Work to be completed:
Output exactly, with nothing added, the entries from the first line through the line with "- 20x [Mini".

Material to process:
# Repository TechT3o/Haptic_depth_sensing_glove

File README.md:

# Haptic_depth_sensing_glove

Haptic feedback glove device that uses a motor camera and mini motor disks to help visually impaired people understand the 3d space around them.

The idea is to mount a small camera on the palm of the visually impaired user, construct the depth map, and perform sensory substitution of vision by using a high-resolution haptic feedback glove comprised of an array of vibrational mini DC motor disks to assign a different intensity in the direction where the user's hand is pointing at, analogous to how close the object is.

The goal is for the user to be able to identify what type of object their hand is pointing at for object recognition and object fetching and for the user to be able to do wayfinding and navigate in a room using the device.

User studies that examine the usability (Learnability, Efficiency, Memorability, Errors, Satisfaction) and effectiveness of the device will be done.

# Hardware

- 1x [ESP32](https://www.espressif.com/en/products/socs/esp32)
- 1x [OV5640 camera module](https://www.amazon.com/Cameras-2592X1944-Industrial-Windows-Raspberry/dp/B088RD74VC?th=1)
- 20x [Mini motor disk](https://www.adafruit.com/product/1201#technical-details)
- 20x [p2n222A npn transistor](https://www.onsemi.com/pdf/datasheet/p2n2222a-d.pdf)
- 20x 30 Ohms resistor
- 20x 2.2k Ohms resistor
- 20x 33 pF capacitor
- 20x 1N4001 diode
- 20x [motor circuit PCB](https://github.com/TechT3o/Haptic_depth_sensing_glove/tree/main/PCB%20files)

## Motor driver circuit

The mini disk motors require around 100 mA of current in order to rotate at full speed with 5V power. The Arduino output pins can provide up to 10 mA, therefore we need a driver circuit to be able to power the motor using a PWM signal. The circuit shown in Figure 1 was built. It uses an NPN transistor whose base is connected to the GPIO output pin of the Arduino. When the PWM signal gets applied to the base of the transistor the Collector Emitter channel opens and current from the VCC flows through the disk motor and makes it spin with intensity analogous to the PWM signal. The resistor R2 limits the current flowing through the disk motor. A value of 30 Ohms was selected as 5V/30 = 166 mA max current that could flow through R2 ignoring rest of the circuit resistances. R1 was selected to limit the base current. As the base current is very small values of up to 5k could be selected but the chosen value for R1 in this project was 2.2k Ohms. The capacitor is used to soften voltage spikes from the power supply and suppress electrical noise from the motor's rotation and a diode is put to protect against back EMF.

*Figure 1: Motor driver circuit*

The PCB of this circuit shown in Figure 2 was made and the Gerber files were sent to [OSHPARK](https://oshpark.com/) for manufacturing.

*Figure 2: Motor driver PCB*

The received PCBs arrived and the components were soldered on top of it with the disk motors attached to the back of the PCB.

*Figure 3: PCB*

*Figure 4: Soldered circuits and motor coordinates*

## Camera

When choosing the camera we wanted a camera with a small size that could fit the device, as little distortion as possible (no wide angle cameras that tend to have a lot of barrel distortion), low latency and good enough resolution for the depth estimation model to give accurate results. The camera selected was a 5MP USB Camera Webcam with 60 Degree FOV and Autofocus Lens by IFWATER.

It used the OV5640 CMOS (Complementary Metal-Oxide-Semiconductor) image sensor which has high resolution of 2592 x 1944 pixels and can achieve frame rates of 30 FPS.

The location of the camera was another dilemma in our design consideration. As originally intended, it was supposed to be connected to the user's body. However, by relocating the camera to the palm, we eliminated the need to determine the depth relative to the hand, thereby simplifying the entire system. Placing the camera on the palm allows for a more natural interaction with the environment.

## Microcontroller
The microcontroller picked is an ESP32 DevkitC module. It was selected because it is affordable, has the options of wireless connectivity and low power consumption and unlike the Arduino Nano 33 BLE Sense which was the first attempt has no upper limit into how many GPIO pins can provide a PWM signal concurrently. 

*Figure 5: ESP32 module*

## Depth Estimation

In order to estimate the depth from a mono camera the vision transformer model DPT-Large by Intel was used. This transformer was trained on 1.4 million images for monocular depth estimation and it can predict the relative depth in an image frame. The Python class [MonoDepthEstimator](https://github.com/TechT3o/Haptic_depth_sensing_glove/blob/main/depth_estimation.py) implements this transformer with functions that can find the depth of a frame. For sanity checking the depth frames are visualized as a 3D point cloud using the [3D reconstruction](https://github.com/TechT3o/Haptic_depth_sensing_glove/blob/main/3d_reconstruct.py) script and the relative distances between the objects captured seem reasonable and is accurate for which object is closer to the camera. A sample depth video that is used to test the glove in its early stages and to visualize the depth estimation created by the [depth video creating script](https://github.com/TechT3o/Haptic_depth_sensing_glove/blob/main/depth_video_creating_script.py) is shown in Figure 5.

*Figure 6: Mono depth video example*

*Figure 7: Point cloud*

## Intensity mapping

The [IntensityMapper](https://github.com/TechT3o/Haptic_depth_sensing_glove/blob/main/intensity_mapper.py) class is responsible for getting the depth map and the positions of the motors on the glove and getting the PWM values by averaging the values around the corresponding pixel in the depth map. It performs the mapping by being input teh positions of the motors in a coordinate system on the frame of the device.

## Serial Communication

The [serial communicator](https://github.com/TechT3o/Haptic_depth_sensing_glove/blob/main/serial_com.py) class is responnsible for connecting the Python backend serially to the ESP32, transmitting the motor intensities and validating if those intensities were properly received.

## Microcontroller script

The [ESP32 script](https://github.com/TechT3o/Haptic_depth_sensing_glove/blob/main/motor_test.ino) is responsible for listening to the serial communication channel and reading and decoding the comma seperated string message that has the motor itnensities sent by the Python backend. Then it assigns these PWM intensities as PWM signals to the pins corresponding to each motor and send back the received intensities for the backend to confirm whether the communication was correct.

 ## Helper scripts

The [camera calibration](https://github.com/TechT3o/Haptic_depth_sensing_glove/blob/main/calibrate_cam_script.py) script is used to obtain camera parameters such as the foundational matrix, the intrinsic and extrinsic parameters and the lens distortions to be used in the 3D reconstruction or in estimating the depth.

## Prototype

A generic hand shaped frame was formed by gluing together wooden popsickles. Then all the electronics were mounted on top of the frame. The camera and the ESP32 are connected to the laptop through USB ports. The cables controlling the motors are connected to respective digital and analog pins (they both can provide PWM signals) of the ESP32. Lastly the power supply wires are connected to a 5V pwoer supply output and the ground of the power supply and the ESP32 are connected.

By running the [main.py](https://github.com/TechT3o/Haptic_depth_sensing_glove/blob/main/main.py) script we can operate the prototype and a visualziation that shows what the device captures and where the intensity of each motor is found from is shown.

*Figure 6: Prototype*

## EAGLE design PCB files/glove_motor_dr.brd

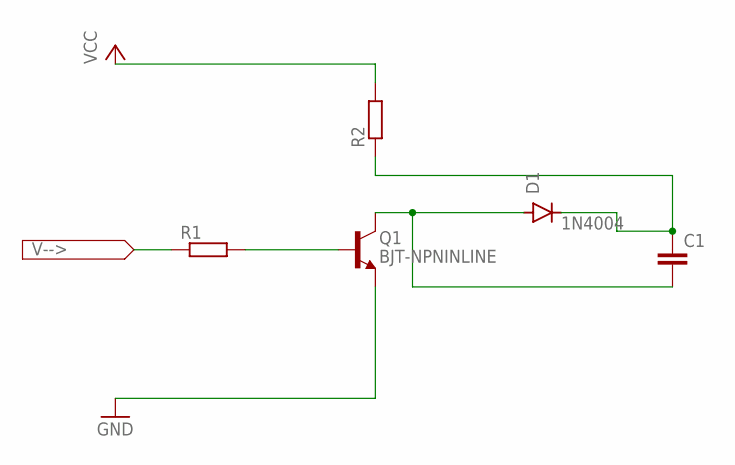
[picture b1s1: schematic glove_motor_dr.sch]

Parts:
C1: C-EU025-024X044; C025-024X044
D1: 1N4004; DO41-10
Q1: BJT-NPNINLINE; TO92I
R1, R2: R-EU_0207/7; 0207/7

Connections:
GND: Q1.E
MOTOR: C1.2, D1.A, Q1.C
unnamed: C1.1, D1.C, R2.1
unnamed: Q1.B, R1.2
VCC: R2.2

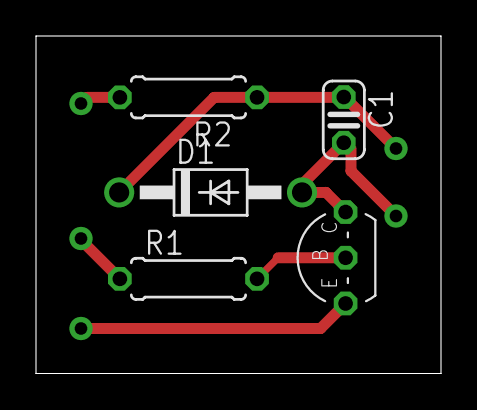
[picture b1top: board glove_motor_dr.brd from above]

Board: 2 copper layers, 22.5 x 18.8 mm, 5 parts (0 on the bottom side), 3 nets.

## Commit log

2023-10-16 Initial commit! Added depth_estimation.py a script that uses a depth transformer to find the depth of the images captured by laptops' camera Added calibrate_cam_script.py which can either use a folde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
2023-10-17 Refactored code
2023-11-07 added close camera to depth_estimation.py Created depth_video_creating_script.py Created intensity_mapper.py Created serial_com.py Created main.py
2023-11-07 Course deliverables
    Added course deliverable templates
2023-11-07 Update index.md
    Added basic information to index.md
2023-11-07 Update proposal.md
    Started completing proposal.md
2023-11-08 Update proposal.md
    Completed some more of proposal.md
2023-11-08 Update proposal.md
    Further updated proposal.md
2023-11-08 Update README.md
    Updated readme with hardware requirements and motor driver circuit details
2023-11-08 Update README.md
    Added text information for mono depth estimation
2023-11-08 Added Arduino code
2023-11-08 PCB files
    Added schematic, board file as well as the cam files used to manufacture the PCBs of the motor drivers
2023-11-08 Update README.md
    updated readme
2023-11-09 Update README.md
    further updated readme
2023-11-09 Update proposal.md
    Corrected some errors
2023-11-10 Update index.md
    updated index
2023-11-18 updated depth estimation, serial_com.py Added video_sensing_script.py to read depth video with glove Fixed mistakes in intensity_mapper.py and added drawing points and boxes Created main.py with main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
2023-12-11 Update report.md
    Added some parts of the report
2023-12-12 Update report.md
    Fixed images
    Updated evaluation and results
    Started writing abstract
    Added form in appendix 1
2023-12-13 Update report.md
    Added discussion section
2023-12-16 Update report.md
    Finished report
2023-12-16 Update index.md
    updated abstract and added final presentation link
2023-12-16 experimented with depth_estimation.py Finished main.py which is the file to be execute to operate the prototype

Result for this exercise:
# Repository TechT3o/Haptic_depth_sensing_glove

File README.md:

# Haptic_depth_sensing_glove

Haptic feedback glove device that uses a motor camera and mini motor disks to help visually impaired people understand the 3d space around them.

The idea is to mount a small camera on the palm of the visually impaired user, construct the depth map, and perform sensory substitution of vision by using a high-resolution haptic feedback glove comprised of an array of vibrational mini DC motor disks to assign a different intensity in the direction where the user's hand is pointing at, analogous to how close the object is.

The goal is for the user to be able to identify what type of object their hand is pointing at for object recognition and object fetching and for the user to be able to do wayfinding and navigate in a room using the device.

User studies that examine the usability (Learnability, Efficiency, Memorability, Errors, Satisfaction) and effectiveness of the device will be done.

# Hardware

- 1x [ESP32](https://www.espressif.com/en/products/socs/esp32)
- 1x [OV5640 camera module](https://www.amazon.com/Cameras-2592X1944-Industrial-Windows-Raspberry/dp/B088RD74VC?th=1)
- 20x [Mini motor disk](https://www.adafruit.com/product/1201#technical-details)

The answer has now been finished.